■ TASK OBJECTIVE: Your task is to find every line in the records that holds the string "dimension" and copy it.

■ Stored data:

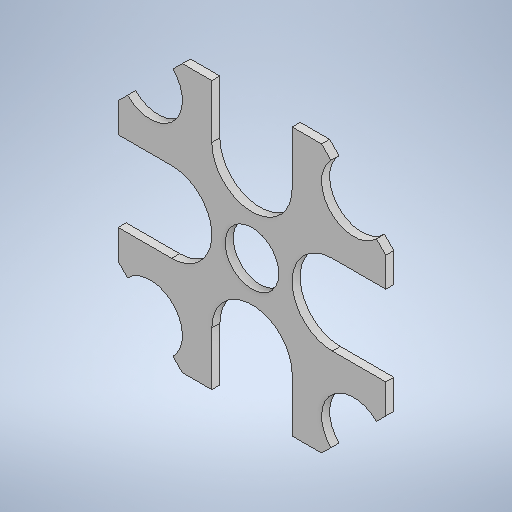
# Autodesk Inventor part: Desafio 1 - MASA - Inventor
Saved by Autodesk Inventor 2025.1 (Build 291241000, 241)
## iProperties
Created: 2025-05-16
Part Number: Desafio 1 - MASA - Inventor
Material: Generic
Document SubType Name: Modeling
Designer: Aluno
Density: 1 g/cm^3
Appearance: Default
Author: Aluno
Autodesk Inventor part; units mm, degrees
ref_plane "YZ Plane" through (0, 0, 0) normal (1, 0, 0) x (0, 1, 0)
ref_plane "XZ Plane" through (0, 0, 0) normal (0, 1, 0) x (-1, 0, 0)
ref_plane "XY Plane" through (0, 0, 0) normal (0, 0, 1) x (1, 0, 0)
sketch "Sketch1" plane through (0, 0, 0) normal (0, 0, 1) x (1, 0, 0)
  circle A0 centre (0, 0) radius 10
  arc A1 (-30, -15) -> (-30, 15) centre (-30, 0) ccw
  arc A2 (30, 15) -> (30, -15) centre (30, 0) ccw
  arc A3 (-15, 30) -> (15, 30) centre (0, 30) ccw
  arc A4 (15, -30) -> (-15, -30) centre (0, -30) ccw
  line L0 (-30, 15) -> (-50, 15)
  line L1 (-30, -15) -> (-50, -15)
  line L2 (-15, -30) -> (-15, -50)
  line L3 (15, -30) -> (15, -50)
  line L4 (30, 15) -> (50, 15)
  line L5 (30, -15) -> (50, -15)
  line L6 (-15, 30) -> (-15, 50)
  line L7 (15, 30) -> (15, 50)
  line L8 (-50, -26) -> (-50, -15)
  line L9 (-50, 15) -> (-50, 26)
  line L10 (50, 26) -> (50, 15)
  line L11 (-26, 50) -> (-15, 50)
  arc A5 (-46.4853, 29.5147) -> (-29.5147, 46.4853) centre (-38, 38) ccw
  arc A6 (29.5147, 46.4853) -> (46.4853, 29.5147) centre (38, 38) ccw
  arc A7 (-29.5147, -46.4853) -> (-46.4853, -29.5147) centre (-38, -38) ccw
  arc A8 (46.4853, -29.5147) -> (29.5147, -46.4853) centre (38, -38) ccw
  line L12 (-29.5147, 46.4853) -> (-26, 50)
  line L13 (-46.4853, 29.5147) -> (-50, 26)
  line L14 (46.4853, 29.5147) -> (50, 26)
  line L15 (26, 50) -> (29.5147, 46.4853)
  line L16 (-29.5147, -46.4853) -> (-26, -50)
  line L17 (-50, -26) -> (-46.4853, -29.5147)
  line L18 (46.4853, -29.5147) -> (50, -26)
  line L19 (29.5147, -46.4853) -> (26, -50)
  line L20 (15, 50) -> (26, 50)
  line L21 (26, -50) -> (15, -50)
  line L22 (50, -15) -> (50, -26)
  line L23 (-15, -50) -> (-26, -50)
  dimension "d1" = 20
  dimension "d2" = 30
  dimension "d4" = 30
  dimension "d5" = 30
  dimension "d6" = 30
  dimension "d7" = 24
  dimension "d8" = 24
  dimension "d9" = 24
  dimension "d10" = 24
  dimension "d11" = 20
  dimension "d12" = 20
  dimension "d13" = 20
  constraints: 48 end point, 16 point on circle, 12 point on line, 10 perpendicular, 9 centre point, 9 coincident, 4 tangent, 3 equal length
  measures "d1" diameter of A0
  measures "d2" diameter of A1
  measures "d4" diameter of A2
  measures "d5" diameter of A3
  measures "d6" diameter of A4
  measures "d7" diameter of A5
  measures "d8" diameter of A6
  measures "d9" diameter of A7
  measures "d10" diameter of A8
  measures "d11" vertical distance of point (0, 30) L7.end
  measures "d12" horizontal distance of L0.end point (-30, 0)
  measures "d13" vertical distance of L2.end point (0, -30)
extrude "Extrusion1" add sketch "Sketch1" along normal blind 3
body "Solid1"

■ SOLUTION TO THE PROBLEM:
  dimension "d1" = 20
  dimension "d2" = 30
  dimension "d4" = 30
  dimension "d5" = 30
  dimension "d6" = 30
  dimension "d7" = 24
  dimension "d8" = 24
  dimension "d9" = 24
  dimension "d10" = 24
  dimension "d11" = 20
  dimension "d12" = 20
  dimension "d13" = 20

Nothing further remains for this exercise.